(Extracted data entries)
■ ■ ■ ■ ■ ■ ■

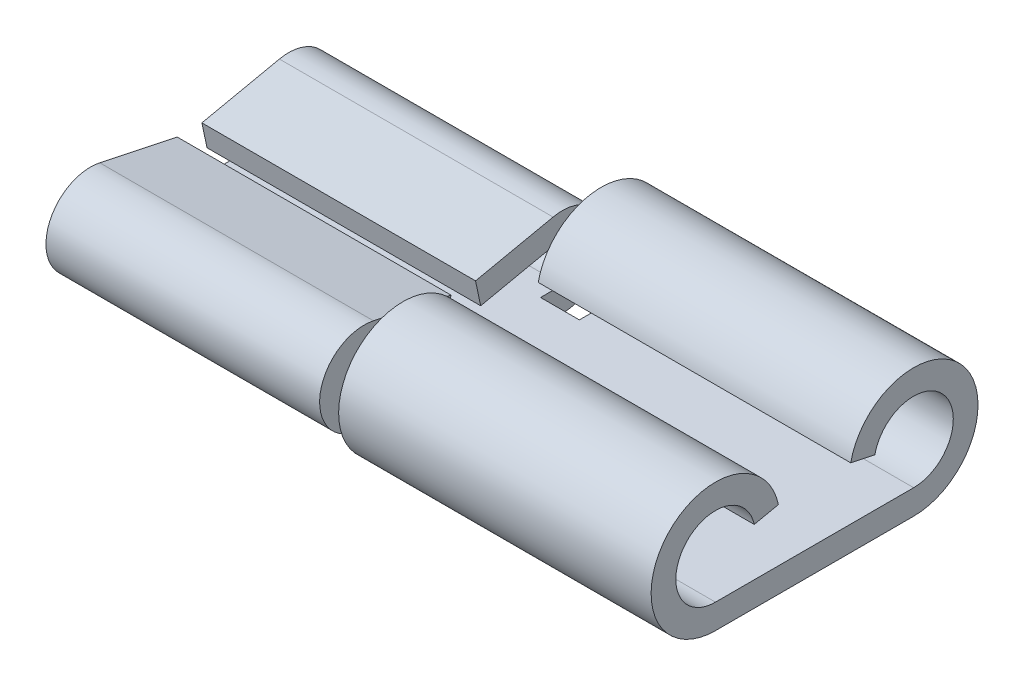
ISO-10303-21;
HEADER;
FILE_DESCRIPTION(('STEP AP214'),'2;1');
FILE_NAME('part.step','',(''),(''),'','','');
FILE_SCHEMA(('AUTOMOTIVE_DESIGN { 1 0 10303 214 1 1 1 1 }'));
ENDSEC;
DATA;
#1=APPLICATION_CONTEXT('core data for automotive mechanical design processes');
#2=APPLICATION_PROTOCOL_DEFINITION('international standard','automotive_design',2000,#1);
#3=PRODUCT_CONTEXT('',#1,'mechanical');
#4=PRODUCT('Part','Part','',(#3));
#5=PRODUCT_RELATED_PRODUCT_CATEGORY('part','',(#4));
#6=PRODUCT_DEFINITION_FORMATION('','',#4);
#7=PRODUCT_DEFINITION_CONTEXT('part definition',#1,'design');
#8=PRODUCT_DEFINITION('design','',#6,#7);
#9=PRODUCT_DEFINITION_SHAPE('','',#8);
#10=(LENGTH_UNIT() NAMED_UNIT(*) SI_UNIT(.MILLI.,.METRE.));
#11=(NAMED_UNIT(*) PLANE_ANGLE_UNIT() SI_UNIT($,.RADIAN.));
#12=(NAMED_UNIT(*) SI_UNIT($,.STERADIAN.) SOLID_ANGLE_UNIT());
#13=UNCERTAINTY_MEASURE_WITH_UNIT(LENGTH_MEASURE(1.E-05),#10,'distance_accuracy_value','');
#14=(GEOMETRIC_REPRESENTATION_CONTEXT(3) GLOBAL_UNCERTAINTY_ASSIGNED_CONTEXT((#13)) GLOBAL_UNIT_ASSIGNED_CONTEXT((#10,
#11,#12)) REPRESENTATION_CONTEXT('',''));
#15=CARTESIAN_POINT('',(0.,0.,0.));
#16=DIRECTION('',(0.,0.,1.));
#17=DIRECTION('',(1.,0.,0.));
#18=AXIS2_PLACEMENT_3D('',#15,#16,#17);
#19=CARTESIAN_POINT('',(-3.37666237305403,0.911796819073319,-0.335088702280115));
#20=DIRECTION('',(0.,-0.207911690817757,0.978147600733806));
#21=DIRECTION('',(0.,-0.978147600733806,-0.207911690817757));
#22=AXIS2_PLACEMENT_3D('',#19,#20,#21);
#23=PLANE('',#22);
#24=DIRECTION('',(1.,0.,0.));
#25=VECTOR('',#24,1.);
#26=CARTESIAN_POINT('',(-3.37666237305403,0.911796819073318,-0.335088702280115));
#27=LINE('',#26,#25);
#28=CARTESIAN_POINT('',(-6.0071,0.911796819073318,-0.335088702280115));
#29=VERTEX_POINT('',#28);
#30=CARTESIAN_POINT('',(-0.746224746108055,0.911796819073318,-0.335088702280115));
#31=VERTEX_POINT('',#30);
#32=EDGE_CURVE('E195',#29,#31,#27,.T.);
#33=ORIENTED_EDGE('',*,*,#32,.T.);
#34=DIRECTION('',(0.,-0.978147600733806,-0.207911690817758));
#35=VECTOR('',#34,1.);
#36=CARTESIAN_POINT('',(-0.746224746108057,1.37639736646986,-0.236334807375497));
#37=LINE('',#36,#35);
#38=CARTESIAN_POINT('',(-0.746224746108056,1.37639736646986,-0.236334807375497));
#39=VERTEX_POINT('',#38);
#40=EDGE_CURVE('E302',#39,#31,#37,.T.);
#41=ORIENTED_EDGE('',*,*,#40,.F.);
#42=DIRECTION('',(1.,0.,0.));
#43=VECTOR('',#42,1.);
#44=CARTESIAN_POINT('',(-3.37666237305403,1.37639736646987,-0.236334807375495));
#45=LINE('',#44,#43);
#46=CARTESIAN_POINT('',(-6.0071,1.37639736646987,-0.236334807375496));
#47=VERTEX_POINT('',#46);
#48=EDGE_CURVE('E201',#47,#39,#45,.T.);
#49=ORIENTED_EDGE('',*,*,#48,.F.);
#50=DIRECTION('',(0.,-0.978147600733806,-0.207911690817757));
#51=VECTOR('',#50,1.);
#52=CARTESIAN_POINT('',(-6.0071,0.911796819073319,-0.335088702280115));
#53=LINE('',#52,#51);
#54=EDGE_CURVE('E188',#47,#29,#53,.T.);
#55=ORIENTED_EDGE('',*,*,#54,.T.);
#56=EDGE_LOOP('',(#33,#41,#49,#55));
#57=FACE_BOUND('',#56,.T.);
#58=ADVANCED_FACE('F17',(#57),#23,.T.);
#59=CARTESIAN_POINT('',(-3.37666237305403,1.62849005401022,-1.4223376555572));
#60=DIRECTION('',(0.,0.978147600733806,0.207911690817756));
#61=DIRECTION('',(0.,-0.207911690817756,0.978147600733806));
#62=AXIS2_PLACEMENT_3D('',#59,#60,#61);
#63=PLANE('',#62);
#64=ORIENTED_EDGE('',*,*,#48,.T.);
#65=DIRECTION('',(0.,-0.207911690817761,0.978147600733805));
#66=VECTOR('',#65,1.);
#67=CARTESIAN_POINT('',(-0.746224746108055,1.69325478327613,-1.72703175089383));
#68=LINE('',#67,#66);
#69=CARTESIAN_POINT('',(-0.746224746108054,1.69325478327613,-1.72703175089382));
#70=VERTEX_POINT('',#69);
#71=EDGE_CURVE('E308',#70,#39,#68,.T.);
#72=ORIENTED_EDGE('',*,*,#71,.F.);
#73=DIRECTION('',(1.,0.,0.));
#74=VECTOR('',#73,1.);
#75=CARTESIAN_POINT('',(-6.00710000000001,1.69325478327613,-1.72703175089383));
#76=LINE('',#75,#74);
#77=CARTESIAN_POINT('',(-6.0071,1.69325478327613,-1.72703175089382));
#78=VERTEX_POINT('',#77);
#79=EDGE_CURVE('E209',#78,#70,#76,.T.);
#80=ORIENTED_EDGE('',*,*,#79,.F.);
#81=DIRECTION('',(0.,-0.207911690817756,0.978147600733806));
#82=VECTOR('',#81,1.);
#83=CARTESIAN_POINT('',(-6.0071,1.62849005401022,-1.4223376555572));
#84=LINE('',#83,#82);
#85=EDGE_CURVE('E203',#78,#47,#84,.T.);
#86=ORIENTED_EDGE('',*,*,#85,.T.);
#87=EDGE_LOOP('',(#64,#72,#80,#86));
#88=FACE_BOUND('',#87,.T.);
#89=ADVANCED_FACE('F328',(#88),#63,.T.);
#90=CARTESIAN_POINT('',(-0.746224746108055,0.,-1.69521083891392));
#91=DIRECTION('',(1.,0.,0.));
#92=DIRECTION('',(0.,0.,-1.));
#93=AXIS2_PLACEMENT_3D('',#90,#91,#92);
#94=PLANE('',#93);
#95=DIRECTION('',(0.,-0.207911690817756,0.978147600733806));
#96=VECTOR('',#95,1.);
#97=CARTESIAN_POINT('',(-0.746224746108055,1.16388950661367,-1.52109155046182));
#98=LINE('',#97,#96);
#99=CARTESIAN_POINT('',(-0.746224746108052,1.22865423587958,-1.82578564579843));
#100=VERTEX_POINT('',#99);
#101=EDGE_CURVE('E207',#31,#100,#98,.F.);
#102=ORIENTED_EDGE('',*,*,#101,.T.);
#103=CARTESIAN_POINT('',(-0.746224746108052,0.85598,-1.905));
#104=DIRECTION('',(1.,0.,0.));
#105=DIRECTION('',(0.,0.,-1.));
#106=AXIS2_PLACEMENT_3D('',#103,#104,#105);
#107=CIRCLE('',#106,0.381000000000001);
#108=CARTESIAN_POINT('',(-0.746224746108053,0.47498,-1.905));
#109=VERTEX_POINT('',#108);
#110=EDGE_CURVE('E20',#100,#109,#107,.F.);
#111=ORIENTED_EDGE('',*,*,#110,.T.);
#112=DIRECTION('',(0.,0.,-1.));
#113=VECTOR('',#112,1.);
#114=CARTESIAN_POINT('',(-0.746224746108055,0.47498,-1.69521083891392));
#115=LINE('',#114,#113);
#116=CARTESIAN_POINT('',(-0.746224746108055,0.47498,-1.48542167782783));
#117=VERTEX_POINT('',#116);
#118=EDGE_CURVE('E234',#109,#117,#115,.F.);
#119=ORIENTED_EDGE('',*,*,#118,.T.);
#120=DIRECTION('',(0.,1.,0.));
#121=VECTOR('',#120,1.);
#122=CARTESIAN_POINT('',(-0.746224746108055,0.,-1.48542167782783));
#123=LINE('',#122,#121);
#124=CARTESIAN_POINT('',(-0.746224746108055,0.,-1.48542167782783));
#125=VERTEX_POINT('',#124);
#126=EDGE_CURVE('E237',#117,#125,#123,.F.);
#127=ORIENTED_EDGE('',*,*,#126,.T.);
#128=DIRECTION('',(0.,0.,-1.));
#129=VECTOR('',#128,1.);
#130=CARTESIAN_POINT('',(-0.746224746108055,0.,-1.69521083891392));
#131=LINE('',#130,#129);
#132=CARTESIAN_POINT('',(-0.746224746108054,0.,-1.905));
#133=VERTEX_POINT('',#132);
#134=EDGE_CURVE('E240',#125,#133,#131,.T.);
#135=ORIENTED_EDGE('',*,*,#134,.T.);
#136=CARTESIAN_POINT('',(-0.746224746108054,0.85598,-1.905));
#137=DIRECTION('',(1.,0.,0.));
#138=DIRECTION('',(0.,1.,0.));
#139=AXIS2_PLACEMENT_3D('',#136,#137,#138);
#140=CIRCLE('',#139,0.855979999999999);
#141=EDGE_CURVE('E292',#70,#133,#140,.F.);
#142=ORIENTED_EDGE('',*,*,#141,.F.);
#143=ORIENTED_EDGE('',*,*,#71,.T.);
#144=ORIENTED_EDGE('',*,*,#40,.T.);
#145=EDGE_LOOP('',(#102,#111,#119,#127,#135,#142,#143,#144));
#146=FACE_BOUND('',#145,.T.);
#147=ADVANCED_FACE('F323',(#146),#94,.T.);
#148=CARTESIAN_POINT('',(-0.746224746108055,0.,1.69521083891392));
#149=DIRECTION('',(1.,0.,0.));
#150=DIRECTION('',(0.,0.,-1.));
#151=AXIS2_PLACEMENT_3D('',#148,#149,#150);
#152=PLANE('',#151);
#153=DIRECTION('',(0.,0.,-1.));
#154=VECTOR('',#153,1.);
#155=CARTESIAN_POINT('',(-0.746224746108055,0.,1.69521083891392));
#156=LINE('',#155,#154);
#157=CARTESIAN_POINT('',(-0.746224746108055,0.,1.905));
#158=VERTEX_POINT('',#157);
#159=CARTESIAN_POINT('',(-0.746224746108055,0.,1.48542167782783));
#160=VERTEX_POINT('',#159);
#161=EDGE_CURVE('E230',#158,#160,#156,.T.);
#162=ORIENTED_EDGE('',*,*,#161,.T.);
#163=DIRECTION('',(0.,1.,0.));
#164=VECTOR('',#163,1.);
#165=CARTESIAN_POINT('',(-0.746224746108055,0.,1.48542167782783));
#166=LINE('',#165,#164);
#167=CARTESIAN_POINT('',(-0.746224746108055,0.47498,1.48542167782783));
#168=VERTEX_POINT('',#167);
#169=EDGE_CURVE('E226',#160,#168,#166,.T.);
#170=ORIENTED_EDGE('',*,*,#169,.T.);
#171=DIRECTION('',(0.,0.,-1.));
#172=VECTOR('',#171,1.);
#173=CARTESIAN_POINT('',(-0.746224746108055,0.47498,1.69521083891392));
#174=LINE('',#173,#172);
#175=CARTESIAN_POINT('',(-0.746224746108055,0.47498,1.905));
#176=VERTEX_POINT('',#175);
#177=EDGE_CURVE('E297',#168,#176,#174,.F.);
#178=ORIENTED_EDGE('',*,*,#177,.T.);
#179=CARTESIAN_POINT('',(-0.746224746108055,0.85598,1.905));
#180=DIRECTION('',(1.,0.,0.));
#181=DIRECTION('',(0.,0.,-1.));
#182=AXIS2_PLACEMENT_3D('',#179,#180,#181);
#183=CIRCLE('',#182,0.381000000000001);
#184=CARTESIAN_POINT('',(-0.746224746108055,1.22865423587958,1.82578564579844));
#185=VERTEX_POINT('',#184);
#186=EDGE_CURVE('E294',#176,#185,#183,.F.);
#187=ORIENTED_EDGE('',*,*,#186,.T.);
#188=DIRECTION('',(0.,-0.207911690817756,-0.978147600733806));
#189=VECTOR('',#188,1.);
#190=CARTESIAN_POINT('',(-0.746224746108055,1.22865423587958,1.82578564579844));
#191=LINE('',#190,#189);
#192=CARTESIAN_POINT('',(-0.746224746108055,0.911796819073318,0.335088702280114));
#193=VERTEX_POINT('',#192);
#194=EDGE_CURVE('E296',#185,#193,#191,.T.);
#195=ORIENTED_EDGE('',*,*,#194,.T.);
#196=DIRECTION('',(0.,0.978147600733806,-0.207911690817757));
#197=VECTOR('',#196,1.);
#198=CARTESIAN_POINT('',(-0.746224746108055,0.911796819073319,0.335088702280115));
#199=LINE('',#198,#197);
#200=CARTESIAN_POINT('',(-0.746224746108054,1.37639736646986,0.236334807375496));
#201=VERTEX_POINT('',#200);
#202=EDGE_CURVE('E222',#201,#193,#199,.F.);
#203=ORIENTED_EDGE('',*,*,#202,.F.);
#204=DIRECTION('',(0.,0.207911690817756,0.978147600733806));
#205=VECTOR('',#204,1.);
#206=CARTESIAN_POINT('',(-0.746224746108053,1.62849005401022,1.4223376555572));
#207=LINE('',#206,#205);
#208=CARTESIAN_POINT('',(-0.746224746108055,1.69325478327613,1.72703175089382));
#209=VERTEX_POINT('',#208);
#210=EDGE_CURVE('E229',#209,#201,#207,.F.);
#211=ORIENTED_EDGE('',*,*,#210,.F.);
#212=CARTESIAN_POINT('',(-0.746224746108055,0.85598,1.905));
#213=DIRECTION('',(1.,0.,0.));
#214=DIRECTION('',(0.,0.,-1.));
#215=AXIS2_PLACEMENT_3D('',#212,#213,#214);
#216=CIRCLE('',#215,0.85598);
#217=EDGE_CURVE('E288',#158,#209,#216,.F.);
#218=ORIENTED_EDGE('',*,*,#217,.F.);
#219=EDGE_LOOP('',(#162,#170,#178,#187,#195,#203,#211,#218));
#220=FACE_BOUND('',#219,.T.);
#221=ADVANCED_FACE('F442',(#220),#152,.T.);
#222=CARTESIAN_POINT('',(-3.37666237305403,1.62849005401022,1.4223376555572));
#223=DIRECTION('',(0.,0.978147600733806,-0.207911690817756));
#224=DIRECTION('',(0.,0.207911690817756,0.978147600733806));
#225=AXIS2_PLACEMENT_3D('',#222,#223,#224);
#226=PLANE('',#225);
#227=DIRECTION('',(1.,0.,0.));
#228=VECTOR('',#227,1.);
#229=CARTESIAN_POINT('',(-3.37666237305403,1.37639736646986,0.236334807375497));
#230=LINE('',#229,#228);
#231=CARTESIAN_POINT('',(-6.0071,1.37639736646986,0.236334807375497));
#232=VERTEX_POINT('',#231);
#233=EDGE_CURVE('E219',#232,#201,#230,.T.);
#234=ORIENTED_EDGE('',*,*,#233,.F.);
#235=DIRECTION('',(0.,0.207911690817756,0.978147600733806));
#236=VECTOR('',#235,1.);
#237=CARTESIAN_POINT('',(-6.0071,1.62849005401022,1.4223376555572));
#238=LINE('',#237,#236);
#239=CARTESIAN_POINT('',(-6.0071,1.69325478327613,1.72703175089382));
#240=VERTEX_POINT('',#239);
#241=EDGE_CURVE('E223',#232,#240,#238,.T.);
#242=ORIENTED_EDGE('',*,*,#241,.T.);
#243=DIRECTION('',(1.,0.,0.));
#244=VECTOR('',#243,1.);
#245=CARTESIAN_POINT('',(-6.0071,1.69325478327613,1.72703175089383));
#246=LINE('',#245,#244);
#247=EDGE_CURVE('E291',#209,#240,#246,.F.);
#248=ORIENTED_EDGE('',*,*,#247,.F.);
#249=ORIENTED_EDGE('',*,*,#210,.T.);
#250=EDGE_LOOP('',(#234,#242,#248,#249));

■ ■ ■ ■ ■ ■ ■

_THE PROBLEM_. For this answer, return word for word the lines from the first line of the records through the line containing "#12=(NAMED_UNIT(*) SI_UNIT($,.STERADIAN.) SOLID_ANGLE_UNIT());". Omit the pictures.

_YOUR SOLUTION_.
ISO-10303-21;
HEADER;
FILE_DESCRIPTION(('STEP AP214'),'2;1');
FILE_NAME('part.step','',(''),(''),'','','');
FILE_SCHEMA(('AUTOMOTIVE_DESIGN { 1 0 10303 214 1 1 1 1 }'));
ENDSEC;
DATA;
#1=APPLICATION_CONTEXT('core data for automotive mechanical design processes');
#2=APPLICATION_PROTOCOL_DEFINITION('international standard','automotive_design',2000,#1);
#3=PRODUCT_CONTEXT('',#1,'mechanical');
#4=PRODUCT('Part','Part','',(#3));
#5=PRODUCT_RELATED_PRODUCT_CATEGORY('part','',(#4));
#6=PRODUCT_DEFINITION_FORMATION('','',#4);
#7=PRODUCT_DEFINITION_CONTEXT('part definition',#1,'design');
#8=PRODUCT_DEFINITION('design','',#6,#7);
#9=PRODUCT_DEFINITION_SHAPE('','',#8);
#10=(LENGTH_UNIT() NAMED_UNIT(*) SI_UNIT(.MILLI.,.METRE.));
#11=(NAMED_UNIT(*) PLANE_ANGLE_UNIT() SI_UNIT($,.RADIAN.));
#12=(NAMED_UNIT(*) SI_UNIT($,.STERADIAN.) SOLID_ANGLE_UNIT());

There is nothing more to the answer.